The Inversion at the Heart of History: Every crisis template ended with its own opposite. The OPEC shock created the energy independence movement. The Gulf War created the 1990s boom. The 2018 trade war created the 2019 melt-up. Smoot-Hawley created the WTO. The more severe the crisis, the more powerful the forced response, the stronger the recovery that followed. This is Heraclitus: the thing at its extreme becomes its opposite.

The Verdict: It's 1990 in Structure, 1973 in Scale, and 2018 in Exit Ramp

The war mechanism is 1990: oil spike → military conflict → eventual resolution → recovery. But the scale is 1973: 20% of global supply disrupted, gold surging, consumer confidence cratering. And the exit ramp is 2018: Trump-China summit (66% probability), tariff de-escalation, Fed pivot.

The critical variable is time. If the war resolves by Q2 (16% probability per prediction markets), it's 1990 and you buy the dip aggressively. If it drags into Q3-Q4, the compound effects create something new — a 1973-style prolonged regime that exhausts the Fed's tools and entrenches stagflation expectations.

What the ghosts agree on: the near-term direction is down and volatile (all four analogies include a -15% to -40% drawdown phase). What they disagree on: the recovery shape.

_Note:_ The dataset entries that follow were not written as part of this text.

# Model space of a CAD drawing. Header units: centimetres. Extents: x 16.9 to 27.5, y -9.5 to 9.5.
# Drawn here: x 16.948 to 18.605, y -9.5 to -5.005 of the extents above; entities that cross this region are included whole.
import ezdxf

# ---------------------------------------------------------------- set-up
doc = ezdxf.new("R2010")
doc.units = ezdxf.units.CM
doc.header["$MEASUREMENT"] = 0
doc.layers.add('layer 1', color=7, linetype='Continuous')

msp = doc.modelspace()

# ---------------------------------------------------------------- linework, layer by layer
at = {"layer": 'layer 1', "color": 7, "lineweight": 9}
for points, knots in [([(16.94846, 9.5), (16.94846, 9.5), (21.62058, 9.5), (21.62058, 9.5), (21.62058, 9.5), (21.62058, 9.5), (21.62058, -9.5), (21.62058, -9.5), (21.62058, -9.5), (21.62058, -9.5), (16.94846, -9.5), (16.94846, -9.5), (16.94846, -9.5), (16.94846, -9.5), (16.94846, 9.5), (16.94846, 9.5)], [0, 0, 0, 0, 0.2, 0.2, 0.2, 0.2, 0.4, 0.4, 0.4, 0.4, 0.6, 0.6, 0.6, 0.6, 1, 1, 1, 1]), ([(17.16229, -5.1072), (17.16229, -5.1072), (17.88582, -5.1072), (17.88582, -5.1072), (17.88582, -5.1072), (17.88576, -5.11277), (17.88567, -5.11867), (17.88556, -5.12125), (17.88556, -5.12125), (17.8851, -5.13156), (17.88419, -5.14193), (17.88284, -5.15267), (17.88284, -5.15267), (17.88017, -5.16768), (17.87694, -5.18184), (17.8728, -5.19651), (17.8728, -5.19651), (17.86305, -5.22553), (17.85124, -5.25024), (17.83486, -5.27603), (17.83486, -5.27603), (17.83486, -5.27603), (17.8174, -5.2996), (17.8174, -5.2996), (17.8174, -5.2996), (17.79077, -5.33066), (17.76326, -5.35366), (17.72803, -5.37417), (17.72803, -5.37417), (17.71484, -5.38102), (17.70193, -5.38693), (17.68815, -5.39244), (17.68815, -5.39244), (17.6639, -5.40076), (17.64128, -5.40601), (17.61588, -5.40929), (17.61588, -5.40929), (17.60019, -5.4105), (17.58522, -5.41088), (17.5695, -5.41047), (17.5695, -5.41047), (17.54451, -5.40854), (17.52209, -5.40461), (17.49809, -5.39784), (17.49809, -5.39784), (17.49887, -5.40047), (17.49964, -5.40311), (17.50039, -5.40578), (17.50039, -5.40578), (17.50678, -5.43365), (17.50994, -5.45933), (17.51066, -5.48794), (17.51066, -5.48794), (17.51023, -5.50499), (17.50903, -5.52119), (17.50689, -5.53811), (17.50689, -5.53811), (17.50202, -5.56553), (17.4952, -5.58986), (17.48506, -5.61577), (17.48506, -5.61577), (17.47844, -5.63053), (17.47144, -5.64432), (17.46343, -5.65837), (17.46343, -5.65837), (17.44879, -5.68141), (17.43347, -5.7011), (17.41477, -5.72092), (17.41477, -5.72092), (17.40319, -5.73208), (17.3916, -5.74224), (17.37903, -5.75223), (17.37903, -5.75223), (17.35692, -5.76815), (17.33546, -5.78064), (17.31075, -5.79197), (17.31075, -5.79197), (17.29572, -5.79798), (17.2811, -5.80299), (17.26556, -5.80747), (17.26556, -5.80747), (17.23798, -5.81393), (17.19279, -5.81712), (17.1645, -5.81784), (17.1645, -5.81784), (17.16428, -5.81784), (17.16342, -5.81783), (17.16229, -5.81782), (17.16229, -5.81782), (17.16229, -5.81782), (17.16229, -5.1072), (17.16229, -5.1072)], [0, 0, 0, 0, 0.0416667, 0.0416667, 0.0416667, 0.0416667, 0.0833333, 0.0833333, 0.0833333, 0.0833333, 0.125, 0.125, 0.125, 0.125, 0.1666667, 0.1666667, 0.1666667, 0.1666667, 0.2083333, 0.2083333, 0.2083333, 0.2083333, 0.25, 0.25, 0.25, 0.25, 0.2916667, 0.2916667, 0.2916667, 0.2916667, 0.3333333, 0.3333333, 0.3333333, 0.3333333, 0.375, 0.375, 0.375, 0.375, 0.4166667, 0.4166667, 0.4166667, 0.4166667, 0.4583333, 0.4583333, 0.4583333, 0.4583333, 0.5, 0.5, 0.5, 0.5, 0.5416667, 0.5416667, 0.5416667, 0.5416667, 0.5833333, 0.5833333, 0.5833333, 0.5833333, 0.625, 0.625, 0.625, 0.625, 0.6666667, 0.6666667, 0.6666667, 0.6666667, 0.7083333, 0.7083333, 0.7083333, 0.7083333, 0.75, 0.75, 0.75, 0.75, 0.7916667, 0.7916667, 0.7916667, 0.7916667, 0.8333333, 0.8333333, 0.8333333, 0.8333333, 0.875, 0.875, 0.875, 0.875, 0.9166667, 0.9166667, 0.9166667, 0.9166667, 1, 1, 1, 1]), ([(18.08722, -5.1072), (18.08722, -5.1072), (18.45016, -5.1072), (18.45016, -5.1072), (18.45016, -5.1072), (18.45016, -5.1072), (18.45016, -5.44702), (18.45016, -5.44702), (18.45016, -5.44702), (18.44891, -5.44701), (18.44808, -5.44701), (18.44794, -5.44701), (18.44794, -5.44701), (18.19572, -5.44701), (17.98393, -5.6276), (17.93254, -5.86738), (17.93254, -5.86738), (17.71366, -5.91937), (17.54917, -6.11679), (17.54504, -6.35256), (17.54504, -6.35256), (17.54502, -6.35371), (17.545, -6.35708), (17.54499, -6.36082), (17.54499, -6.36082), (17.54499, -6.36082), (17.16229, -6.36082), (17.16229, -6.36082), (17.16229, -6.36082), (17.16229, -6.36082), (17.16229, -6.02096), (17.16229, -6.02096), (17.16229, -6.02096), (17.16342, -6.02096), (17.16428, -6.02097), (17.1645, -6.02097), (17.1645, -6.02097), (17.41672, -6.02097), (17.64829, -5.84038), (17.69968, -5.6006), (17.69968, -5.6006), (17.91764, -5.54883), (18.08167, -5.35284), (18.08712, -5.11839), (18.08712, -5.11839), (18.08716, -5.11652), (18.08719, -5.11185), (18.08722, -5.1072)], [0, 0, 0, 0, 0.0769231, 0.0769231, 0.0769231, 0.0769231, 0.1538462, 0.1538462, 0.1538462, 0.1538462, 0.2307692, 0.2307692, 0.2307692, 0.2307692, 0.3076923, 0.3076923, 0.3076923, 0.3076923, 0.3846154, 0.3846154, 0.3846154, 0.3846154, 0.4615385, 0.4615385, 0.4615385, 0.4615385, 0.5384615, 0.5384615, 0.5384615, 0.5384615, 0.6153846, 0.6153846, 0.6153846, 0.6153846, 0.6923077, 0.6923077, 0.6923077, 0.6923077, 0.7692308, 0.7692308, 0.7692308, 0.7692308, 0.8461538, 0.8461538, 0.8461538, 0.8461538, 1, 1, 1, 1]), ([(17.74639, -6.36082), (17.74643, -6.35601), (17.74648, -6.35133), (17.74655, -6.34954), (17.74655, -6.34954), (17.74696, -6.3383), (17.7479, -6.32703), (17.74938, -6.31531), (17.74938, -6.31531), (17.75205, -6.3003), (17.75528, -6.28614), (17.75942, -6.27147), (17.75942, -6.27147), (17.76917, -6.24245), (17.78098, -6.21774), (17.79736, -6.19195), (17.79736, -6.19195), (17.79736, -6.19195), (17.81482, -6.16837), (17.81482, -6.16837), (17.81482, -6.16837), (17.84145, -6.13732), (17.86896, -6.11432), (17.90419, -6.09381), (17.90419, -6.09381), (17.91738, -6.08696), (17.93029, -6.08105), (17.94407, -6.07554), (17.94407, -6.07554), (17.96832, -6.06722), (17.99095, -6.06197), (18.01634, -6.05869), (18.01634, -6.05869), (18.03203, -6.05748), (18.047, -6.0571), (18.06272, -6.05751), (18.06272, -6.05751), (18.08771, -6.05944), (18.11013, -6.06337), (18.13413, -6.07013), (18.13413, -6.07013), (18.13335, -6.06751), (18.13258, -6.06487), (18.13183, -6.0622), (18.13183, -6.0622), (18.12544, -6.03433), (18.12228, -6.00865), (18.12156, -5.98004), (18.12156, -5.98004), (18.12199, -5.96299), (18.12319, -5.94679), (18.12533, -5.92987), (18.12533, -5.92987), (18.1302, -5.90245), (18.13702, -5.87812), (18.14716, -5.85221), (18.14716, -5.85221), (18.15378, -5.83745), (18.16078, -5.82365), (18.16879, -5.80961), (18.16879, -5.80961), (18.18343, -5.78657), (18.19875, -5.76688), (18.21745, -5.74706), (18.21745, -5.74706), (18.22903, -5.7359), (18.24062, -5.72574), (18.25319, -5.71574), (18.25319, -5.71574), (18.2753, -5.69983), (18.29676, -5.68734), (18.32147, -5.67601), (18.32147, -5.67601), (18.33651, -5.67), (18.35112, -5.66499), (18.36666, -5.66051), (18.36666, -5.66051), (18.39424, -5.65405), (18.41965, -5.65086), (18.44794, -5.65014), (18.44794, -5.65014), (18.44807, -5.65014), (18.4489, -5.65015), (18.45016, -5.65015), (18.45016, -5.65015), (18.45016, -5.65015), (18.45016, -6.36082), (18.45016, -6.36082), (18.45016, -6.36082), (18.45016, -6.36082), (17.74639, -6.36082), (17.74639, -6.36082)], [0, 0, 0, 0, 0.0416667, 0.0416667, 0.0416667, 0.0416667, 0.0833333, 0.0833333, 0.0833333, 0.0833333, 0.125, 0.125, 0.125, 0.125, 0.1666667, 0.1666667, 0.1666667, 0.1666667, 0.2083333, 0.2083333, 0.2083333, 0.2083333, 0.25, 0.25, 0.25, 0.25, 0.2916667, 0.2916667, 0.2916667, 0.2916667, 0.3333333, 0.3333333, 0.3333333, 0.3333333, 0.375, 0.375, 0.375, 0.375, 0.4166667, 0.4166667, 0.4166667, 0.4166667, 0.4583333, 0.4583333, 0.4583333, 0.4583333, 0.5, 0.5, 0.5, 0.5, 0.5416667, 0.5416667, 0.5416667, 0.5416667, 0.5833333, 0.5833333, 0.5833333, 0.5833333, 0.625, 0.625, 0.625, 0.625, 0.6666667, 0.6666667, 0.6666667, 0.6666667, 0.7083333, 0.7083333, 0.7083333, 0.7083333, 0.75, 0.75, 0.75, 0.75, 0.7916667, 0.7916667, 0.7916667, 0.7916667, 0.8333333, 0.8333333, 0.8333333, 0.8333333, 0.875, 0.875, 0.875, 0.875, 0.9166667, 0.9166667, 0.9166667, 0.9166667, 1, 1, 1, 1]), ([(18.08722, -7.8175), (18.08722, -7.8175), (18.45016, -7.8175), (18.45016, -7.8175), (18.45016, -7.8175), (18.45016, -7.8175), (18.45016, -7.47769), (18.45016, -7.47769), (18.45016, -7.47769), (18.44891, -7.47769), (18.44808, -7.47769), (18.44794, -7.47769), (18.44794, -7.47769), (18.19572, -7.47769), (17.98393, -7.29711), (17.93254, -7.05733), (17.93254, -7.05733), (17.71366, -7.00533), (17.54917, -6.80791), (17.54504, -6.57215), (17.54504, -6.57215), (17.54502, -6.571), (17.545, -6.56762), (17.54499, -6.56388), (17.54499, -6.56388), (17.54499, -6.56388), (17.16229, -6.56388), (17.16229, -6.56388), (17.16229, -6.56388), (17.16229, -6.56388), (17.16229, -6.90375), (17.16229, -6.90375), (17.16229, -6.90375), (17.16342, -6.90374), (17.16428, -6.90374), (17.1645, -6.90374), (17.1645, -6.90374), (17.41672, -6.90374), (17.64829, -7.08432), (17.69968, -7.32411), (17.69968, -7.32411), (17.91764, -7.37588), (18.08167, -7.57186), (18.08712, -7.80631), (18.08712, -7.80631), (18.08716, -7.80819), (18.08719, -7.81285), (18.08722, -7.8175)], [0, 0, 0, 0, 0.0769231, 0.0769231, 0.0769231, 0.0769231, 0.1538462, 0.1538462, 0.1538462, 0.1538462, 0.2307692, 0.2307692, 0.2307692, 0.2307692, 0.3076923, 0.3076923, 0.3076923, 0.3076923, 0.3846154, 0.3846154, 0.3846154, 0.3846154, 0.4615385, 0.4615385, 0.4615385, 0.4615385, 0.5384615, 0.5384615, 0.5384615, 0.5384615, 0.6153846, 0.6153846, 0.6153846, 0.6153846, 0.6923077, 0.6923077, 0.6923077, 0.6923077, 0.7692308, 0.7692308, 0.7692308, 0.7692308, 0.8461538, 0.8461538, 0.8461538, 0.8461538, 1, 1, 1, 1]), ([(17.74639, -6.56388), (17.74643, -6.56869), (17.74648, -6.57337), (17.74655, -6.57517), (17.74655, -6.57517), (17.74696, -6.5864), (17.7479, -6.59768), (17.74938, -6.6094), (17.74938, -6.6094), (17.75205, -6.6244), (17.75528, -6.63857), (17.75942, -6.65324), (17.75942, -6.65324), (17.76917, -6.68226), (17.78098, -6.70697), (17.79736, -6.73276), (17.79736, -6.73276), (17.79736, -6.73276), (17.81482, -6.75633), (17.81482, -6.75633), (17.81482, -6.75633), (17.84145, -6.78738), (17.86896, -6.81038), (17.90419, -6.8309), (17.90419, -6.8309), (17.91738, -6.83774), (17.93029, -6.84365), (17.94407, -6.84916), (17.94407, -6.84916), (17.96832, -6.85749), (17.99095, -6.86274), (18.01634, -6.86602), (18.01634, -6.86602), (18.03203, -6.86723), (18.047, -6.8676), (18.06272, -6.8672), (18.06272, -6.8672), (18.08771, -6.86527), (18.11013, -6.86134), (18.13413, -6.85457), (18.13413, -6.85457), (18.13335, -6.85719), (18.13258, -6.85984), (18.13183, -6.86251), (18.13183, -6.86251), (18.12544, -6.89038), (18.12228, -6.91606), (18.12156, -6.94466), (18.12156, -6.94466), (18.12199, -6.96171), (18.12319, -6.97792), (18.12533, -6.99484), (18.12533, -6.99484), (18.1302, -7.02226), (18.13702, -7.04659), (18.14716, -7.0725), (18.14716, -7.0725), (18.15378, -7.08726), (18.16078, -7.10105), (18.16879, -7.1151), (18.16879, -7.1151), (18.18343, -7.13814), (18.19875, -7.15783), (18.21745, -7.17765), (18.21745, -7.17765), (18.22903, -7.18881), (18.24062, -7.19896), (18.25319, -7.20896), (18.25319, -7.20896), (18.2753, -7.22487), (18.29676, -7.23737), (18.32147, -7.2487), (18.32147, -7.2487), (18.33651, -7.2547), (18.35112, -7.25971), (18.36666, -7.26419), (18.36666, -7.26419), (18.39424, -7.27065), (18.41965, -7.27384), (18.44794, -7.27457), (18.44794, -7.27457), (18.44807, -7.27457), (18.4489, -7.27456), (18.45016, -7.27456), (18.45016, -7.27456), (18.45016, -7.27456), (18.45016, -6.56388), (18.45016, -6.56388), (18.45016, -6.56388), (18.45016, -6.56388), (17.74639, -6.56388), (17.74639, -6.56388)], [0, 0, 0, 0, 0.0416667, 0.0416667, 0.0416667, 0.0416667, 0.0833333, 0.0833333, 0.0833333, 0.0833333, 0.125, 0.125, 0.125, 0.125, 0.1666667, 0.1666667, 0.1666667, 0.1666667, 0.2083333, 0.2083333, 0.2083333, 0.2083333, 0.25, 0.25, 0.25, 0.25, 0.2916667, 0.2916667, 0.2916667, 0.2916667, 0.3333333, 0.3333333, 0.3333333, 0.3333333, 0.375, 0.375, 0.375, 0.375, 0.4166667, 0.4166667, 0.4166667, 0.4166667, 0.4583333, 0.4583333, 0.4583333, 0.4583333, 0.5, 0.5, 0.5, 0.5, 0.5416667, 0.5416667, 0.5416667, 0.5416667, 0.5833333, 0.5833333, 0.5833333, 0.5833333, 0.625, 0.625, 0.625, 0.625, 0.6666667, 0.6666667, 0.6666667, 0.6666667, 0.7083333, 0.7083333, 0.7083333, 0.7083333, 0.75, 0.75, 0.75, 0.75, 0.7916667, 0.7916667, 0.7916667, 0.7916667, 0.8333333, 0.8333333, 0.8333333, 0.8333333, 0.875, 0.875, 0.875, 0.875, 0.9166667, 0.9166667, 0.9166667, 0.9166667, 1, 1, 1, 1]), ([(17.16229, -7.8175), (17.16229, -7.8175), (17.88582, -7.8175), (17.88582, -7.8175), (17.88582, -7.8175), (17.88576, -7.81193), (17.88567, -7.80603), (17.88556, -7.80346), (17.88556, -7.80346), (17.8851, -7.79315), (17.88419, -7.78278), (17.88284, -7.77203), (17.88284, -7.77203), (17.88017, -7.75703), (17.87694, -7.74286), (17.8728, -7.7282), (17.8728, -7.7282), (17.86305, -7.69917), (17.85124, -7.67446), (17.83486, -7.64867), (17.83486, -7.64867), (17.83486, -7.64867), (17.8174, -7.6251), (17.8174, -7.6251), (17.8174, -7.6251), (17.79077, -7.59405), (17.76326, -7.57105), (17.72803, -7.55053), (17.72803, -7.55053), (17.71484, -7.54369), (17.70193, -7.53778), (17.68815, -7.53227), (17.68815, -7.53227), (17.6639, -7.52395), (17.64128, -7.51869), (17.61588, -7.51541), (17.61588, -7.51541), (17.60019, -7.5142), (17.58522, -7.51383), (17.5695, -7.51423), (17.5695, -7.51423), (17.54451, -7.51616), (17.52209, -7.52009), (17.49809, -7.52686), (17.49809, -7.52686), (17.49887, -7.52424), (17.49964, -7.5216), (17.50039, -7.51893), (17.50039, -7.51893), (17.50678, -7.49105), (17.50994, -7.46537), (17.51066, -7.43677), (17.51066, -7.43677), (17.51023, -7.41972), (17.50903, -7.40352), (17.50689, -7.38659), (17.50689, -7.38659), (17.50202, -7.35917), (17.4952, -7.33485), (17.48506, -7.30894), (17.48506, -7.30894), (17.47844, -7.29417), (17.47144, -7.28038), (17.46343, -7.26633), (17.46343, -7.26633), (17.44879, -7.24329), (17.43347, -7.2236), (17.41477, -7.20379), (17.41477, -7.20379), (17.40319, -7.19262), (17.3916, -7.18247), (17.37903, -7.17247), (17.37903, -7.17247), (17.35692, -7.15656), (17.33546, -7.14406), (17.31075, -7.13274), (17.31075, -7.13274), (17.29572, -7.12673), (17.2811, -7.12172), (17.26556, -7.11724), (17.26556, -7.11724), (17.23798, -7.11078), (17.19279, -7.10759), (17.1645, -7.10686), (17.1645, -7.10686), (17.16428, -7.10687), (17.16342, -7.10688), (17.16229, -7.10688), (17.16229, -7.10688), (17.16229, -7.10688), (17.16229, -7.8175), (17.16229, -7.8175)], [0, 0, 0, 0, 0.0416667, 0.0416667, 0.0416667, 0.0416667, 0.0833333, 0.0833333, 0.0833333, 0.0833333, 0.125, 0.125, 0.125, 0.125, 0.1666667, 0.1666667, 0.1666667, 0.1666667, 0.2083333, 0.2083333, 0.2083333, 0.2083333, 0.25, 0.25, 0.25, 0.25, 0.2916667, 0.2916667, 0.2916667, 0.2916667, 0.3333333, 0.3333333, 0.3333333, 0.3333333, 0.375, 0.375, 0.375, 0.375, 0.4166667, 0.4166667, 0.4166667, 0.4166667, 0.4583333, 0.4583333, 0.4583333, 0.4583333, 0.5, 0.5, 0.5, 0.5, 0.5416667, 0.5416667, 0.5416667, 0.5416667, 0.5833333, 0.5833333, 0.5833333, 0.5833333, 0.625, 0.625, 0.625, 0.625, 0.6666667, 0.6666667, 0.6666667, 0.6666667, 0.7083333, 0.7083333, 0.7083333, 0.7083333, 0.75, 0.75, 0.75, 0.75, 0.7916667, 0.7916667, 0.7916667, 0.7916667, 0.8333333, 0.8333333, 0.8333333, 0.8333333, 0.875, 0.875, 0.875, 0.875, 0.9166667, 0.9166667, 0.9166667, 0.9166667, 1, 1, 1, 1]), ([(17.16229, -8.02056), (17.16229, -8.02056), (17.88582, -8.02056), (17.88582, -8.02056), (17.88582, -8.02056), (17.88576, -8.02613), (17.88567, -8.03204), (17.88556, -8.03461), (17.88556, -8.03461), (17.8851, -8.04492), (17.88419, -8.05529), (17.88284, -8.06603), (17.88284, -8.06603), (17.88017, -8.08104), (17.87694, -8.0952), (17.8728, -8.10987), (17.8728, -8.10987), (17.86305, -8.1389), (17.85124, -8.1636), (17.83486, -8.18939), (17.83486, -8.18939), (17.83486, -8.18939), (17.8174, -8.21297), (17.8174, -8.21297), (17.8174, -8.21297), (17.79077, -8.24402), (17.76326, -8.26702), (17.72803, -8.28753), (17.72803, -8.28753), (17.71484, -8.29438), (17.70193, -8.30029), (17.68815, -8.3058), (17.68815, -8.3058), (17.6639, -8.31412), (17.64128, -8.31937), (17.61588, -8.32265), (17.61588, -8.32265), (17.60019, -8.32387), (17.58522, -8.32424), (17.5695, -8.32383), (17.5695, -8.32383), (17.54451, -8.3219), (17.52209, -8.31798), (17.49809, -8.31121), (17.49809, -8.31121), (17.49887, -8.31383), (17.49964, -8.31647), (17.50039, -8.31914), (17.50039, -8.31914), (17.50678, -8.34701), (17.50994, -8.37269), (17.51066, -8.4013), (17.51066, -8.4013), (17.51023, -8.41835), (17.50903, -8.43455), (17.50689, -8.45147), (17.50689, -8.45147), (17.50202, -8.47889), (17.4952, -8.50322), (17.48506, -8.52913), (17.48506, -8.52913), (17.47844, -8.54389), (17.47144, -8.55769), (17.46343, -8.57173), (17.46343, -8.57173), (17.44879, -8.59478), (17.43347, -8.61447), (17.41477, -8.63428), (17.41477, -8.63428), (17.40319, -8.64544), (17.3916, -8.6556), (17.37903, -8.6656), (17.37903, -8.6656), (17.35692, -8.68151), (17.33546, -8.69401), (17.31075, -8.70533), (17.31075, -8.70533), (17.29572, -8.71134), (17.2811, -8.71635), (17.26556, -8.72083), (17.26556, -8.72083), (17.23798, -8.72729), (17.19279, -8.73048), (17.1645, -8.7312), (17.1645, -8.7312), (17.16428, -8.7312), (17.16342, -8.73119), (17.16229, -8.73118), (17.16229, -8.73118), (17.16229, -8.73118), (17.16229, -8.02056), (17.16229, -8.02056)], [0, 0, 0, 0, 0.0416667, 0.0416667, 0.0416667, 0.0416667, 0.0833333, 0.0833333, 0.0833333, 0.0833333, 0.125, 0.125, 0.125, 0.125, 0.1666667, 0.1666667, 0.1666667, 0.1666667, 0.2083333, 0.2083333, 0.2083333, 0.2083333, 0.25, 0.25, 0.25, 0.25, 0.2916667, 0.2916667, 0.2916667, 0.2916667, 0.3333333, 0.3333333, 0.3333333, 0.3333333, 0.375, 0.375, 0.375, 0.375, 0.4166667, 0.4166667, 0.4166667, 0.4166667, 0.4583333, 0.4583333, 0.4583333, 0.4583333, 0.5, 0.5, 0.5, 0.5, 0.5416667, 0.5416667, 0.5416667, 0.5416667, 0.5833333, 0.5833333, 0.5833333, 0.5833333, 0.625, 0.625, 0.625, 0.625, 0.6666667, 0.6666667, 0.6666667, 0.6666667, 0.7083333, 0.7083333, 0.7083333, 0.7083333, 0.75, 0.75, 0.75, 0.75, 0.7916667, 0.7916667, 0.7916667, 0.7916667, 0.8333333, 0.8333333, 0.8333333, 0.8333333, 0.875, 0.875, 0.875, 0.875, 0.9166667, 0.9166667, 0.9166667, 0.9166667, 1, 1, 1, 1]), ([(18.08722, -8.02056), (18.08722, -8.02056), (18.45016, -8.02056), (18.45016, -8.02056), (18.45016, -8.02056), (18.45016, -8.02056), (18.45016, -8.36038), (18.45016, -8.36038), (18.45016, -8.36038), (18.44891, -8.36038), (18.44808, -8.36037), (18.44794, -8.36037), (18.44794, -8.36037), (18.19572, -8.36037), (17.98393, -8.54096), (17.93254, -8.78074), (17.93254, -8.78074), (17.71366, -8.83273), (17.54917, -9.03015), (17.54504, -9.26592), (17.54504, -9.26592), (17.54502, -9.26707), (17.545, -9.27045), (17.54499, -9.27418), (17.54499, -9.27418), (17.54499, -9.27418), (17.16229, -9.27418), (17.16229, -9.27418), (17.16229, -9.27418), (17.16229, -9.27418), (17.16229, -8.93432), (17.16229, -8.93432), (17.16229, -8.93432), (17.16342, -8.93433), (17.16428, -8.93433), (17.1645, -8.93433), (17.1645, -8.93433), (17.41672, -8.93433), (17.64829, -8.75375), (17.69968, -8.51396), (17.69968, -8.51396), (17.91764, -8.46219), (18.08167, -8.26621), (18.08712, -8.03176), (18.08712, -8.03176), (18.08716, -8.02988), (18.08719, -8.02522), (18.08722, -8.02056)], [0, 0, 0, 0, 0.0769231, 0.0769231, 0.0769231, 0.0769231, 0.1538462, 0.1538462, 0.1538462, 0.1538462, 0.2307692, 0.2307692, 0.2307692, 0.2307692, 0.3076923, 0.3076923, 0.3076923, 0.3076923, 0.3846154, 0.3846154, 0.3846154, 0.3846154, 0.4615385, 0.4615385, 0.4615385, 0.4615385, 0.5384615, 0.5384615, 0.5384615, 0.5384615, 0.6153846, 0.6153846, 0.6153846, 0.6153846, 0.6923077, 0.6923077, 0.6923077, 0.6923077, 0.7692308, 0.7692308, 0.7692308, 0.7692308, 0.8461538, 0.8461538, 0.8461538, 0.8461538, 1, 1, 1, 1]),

And the recovery shape depends entirely on whether decision-makers play the right cards. The ghost isn't in the data. It's in the response.

Which Ghost Is Actually Here? Watch These Three Signals

#Signal1973 Reading1990 ReadingCurrent
1 Hormuz shipping Stays closed months Reopens within weeks Closed 14+ days, Iran doubling down
2 Consumer inflation expectations Expectations de-anchor >5% Expectations stay anchored <3% Michigan sentiment crashing post-war
3 Fed response Paralyzed (no cut, no hike) Cuts decisively within 3 months Lame-duck, constrained, FOMC in 4 days

All three signals currently point toward the 1973 ghost, not the 1990 ghost. But the 1990 V-recovery only needs one catalyst: the ceasefire. And every day the war continues, the probability of that catalyst rises — because the costs of continuing mount faster than the costs of stopping.

The most dangerous trade is the one that assumes you know which ghost is real. The smartest trade is the one that profits from the transition between ghosts.